No the Q3 uses the Gen1 TSI, and is the only Audi in the US to use it, the CC and Tiguan use it as well. The A4 and TT use the Gen2 wAVL which has more Hp and TQ.


----------



## matticus (Apr 12, 2013)

DasCC said:


> No the Q3 uses the Gen1 TSI, and is the only Audi in the US to use it, the CC and Tiguan use it as well. The A4 and TT use the Gen2 wAVL which has more Hp and TQ.


The Gen1/2 label is a distinction without a difference, since the valvelift version isn't any newer. It's just a minor variant. They're the same basic engine, with the same technology (save the valvelift and turbo), designed at about the same time. In fact, the specific EA888 variant powering the Q3 entered the market in the same 2009 model year as the 211hp valvelift version in the A4/TT.

The A4/TT "Gen2" engine is not based on any newer technology that makes the Q3 "old". If you're going to paint with that brush, all Audi four cylinders except the 2015 A3 will get wet.

The A3's "Gen3" engine, however, _is_ a significantly updated engine that will no doubt make its way across the whole lineup over the next few years.


----------



## VR6Now (Dec 31, 2000)

matticus said:


> ....The A4/TT "Gen2" engine is not based on any newer technology that makes the Q3 "old". If you're going to paint with that brush, all Audi four cylinders except the 2015 A3 will get wet...


The point is all Audi four cylinders except the A3s were not launched this model year in a 'new' model. Those models have been aound for quite some time so it is understandable that they still have the powertrains they were originally certified with. The point is why is Audi launching 'new' products on outgoing powertrains and platforms. VW/Audi product cadence at its best (worst)


----------



## matticus (Apr 12, 2013)

VR6Now said:


> The point is all Audi four cylinders except the A3s were not launched this model year in a 'new' model.


Neither was the Q3. It launched in 2012. Why would they complete reengineer it just for the US when it's 2-3 years from being replaced entirely? You want to whine that they're not bringing over all the current models, but when they do, you want to complain that it's not a brand-new special redesign. It's ridiculous.

Yes, VW screwed up by not realizing that the Q3 would be popular here. They corrected that this year. Now you want a magical all-new model created out of thin air when the existing model is only halfway through its product cycle?

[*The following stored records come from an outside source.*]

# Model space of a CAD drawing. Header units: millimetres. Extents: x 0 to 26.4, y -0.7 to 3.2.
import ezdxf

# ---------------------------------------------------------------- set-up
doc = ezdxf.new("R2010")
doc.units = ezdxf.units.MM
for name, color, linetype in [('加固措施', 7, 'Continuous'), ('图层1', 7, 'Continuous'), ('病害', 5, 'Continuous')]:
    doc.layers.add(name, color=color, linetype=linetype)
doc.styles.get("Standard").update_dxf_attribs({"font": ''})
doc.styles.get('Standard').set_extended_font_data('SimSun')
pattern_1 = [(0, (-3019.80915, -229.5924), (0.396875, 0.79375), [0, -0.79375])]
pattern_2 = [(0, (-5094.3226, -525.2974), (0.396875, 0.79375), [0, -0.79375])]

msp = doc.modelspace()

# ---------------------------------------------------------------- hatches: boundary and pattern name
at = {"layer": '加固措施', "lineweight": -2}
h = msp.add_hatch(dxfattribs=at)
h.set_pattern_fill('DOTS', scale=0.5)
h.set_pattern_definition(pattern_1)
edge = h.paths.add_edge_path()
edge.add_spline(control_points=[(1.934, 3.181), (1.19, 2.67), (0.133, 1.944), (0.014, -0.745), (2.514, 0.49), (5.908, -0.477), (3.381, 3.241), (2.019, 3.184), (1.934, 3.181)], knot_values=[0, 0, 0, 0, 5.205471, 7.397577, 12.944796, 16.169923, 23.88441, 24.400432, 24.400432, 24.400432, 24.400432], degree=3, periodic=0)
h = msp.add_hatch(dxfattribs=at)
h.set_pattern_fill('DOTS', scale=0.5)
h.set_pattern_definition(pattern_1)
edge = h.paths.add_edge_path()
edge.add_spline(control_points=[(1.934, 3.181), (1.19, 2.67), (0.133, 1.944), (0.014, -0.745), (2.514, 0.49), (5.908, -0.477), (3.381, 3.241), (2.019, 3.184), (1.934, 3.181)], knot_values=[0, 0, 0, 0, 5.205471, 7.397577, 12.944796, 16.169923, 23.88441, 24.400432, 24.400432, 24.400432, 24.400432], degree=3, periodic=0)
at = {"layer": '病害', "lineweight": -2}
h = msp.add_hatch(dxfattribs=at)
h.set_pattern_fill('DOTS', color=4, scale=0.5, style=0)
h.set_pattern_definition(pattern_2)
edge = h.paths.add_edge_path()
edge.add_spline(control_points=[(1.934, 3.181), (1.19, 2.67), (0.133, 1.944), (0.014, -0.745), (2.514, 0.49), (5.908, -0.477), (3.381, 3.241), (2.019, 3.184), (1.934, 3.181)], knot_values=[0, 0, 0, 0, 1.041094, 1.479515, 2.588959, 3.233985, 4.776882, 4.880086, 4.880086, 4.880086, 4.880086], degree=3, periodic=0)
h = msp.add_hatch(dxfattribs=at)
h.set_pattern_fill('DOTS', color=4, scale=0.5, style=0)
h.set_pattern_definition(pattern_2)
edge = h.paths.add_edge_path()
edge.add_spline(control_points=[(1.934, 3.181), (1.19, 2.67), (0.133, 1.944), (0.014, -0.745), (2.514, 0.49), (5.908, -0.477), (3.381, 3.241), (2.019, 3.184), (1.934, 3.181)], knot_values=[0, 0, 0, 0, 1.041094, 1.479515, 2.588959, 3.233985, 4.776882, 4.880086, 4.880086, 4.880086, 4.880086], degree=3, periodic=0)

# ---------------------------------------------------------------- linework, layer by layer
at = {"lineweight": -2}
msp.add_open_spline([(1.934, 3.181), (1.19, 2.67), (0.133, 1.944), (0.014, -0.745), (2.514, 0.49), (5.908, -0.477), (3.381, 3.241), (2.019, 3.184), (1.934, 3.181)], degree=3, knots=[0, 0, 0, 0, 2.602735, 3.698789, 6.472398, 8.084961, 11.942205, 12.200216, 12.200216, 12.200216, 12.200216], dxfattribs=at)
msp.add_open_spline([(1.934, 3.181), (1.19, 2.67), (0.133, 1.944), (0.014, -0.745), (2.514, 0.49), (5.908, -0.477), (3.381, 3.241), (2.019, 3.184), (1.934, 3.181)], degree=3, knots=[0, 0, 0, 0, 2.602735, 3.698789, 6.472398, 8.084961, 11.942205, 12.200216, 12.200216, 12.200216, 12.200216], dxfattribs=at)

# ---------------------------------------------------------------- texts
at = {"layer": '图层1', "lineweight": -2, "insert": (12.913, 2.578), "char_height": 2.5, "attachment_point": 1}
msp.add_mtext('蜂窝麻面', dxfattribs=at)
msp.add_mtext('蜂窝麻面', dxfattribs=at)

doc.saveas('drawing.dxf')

> Those models have been aound for quite some time so it is understandable that they still have the powertrains they were originally certified with.


Just like the Q3...


> The point is why is Audi launching 'new' products on outgoing powertrains and platforms. VW/Audi product cadence at its best (worst)


You'd prefer they wait another three years to introduce anything, so you could complain even more about how they're ignoring the US market?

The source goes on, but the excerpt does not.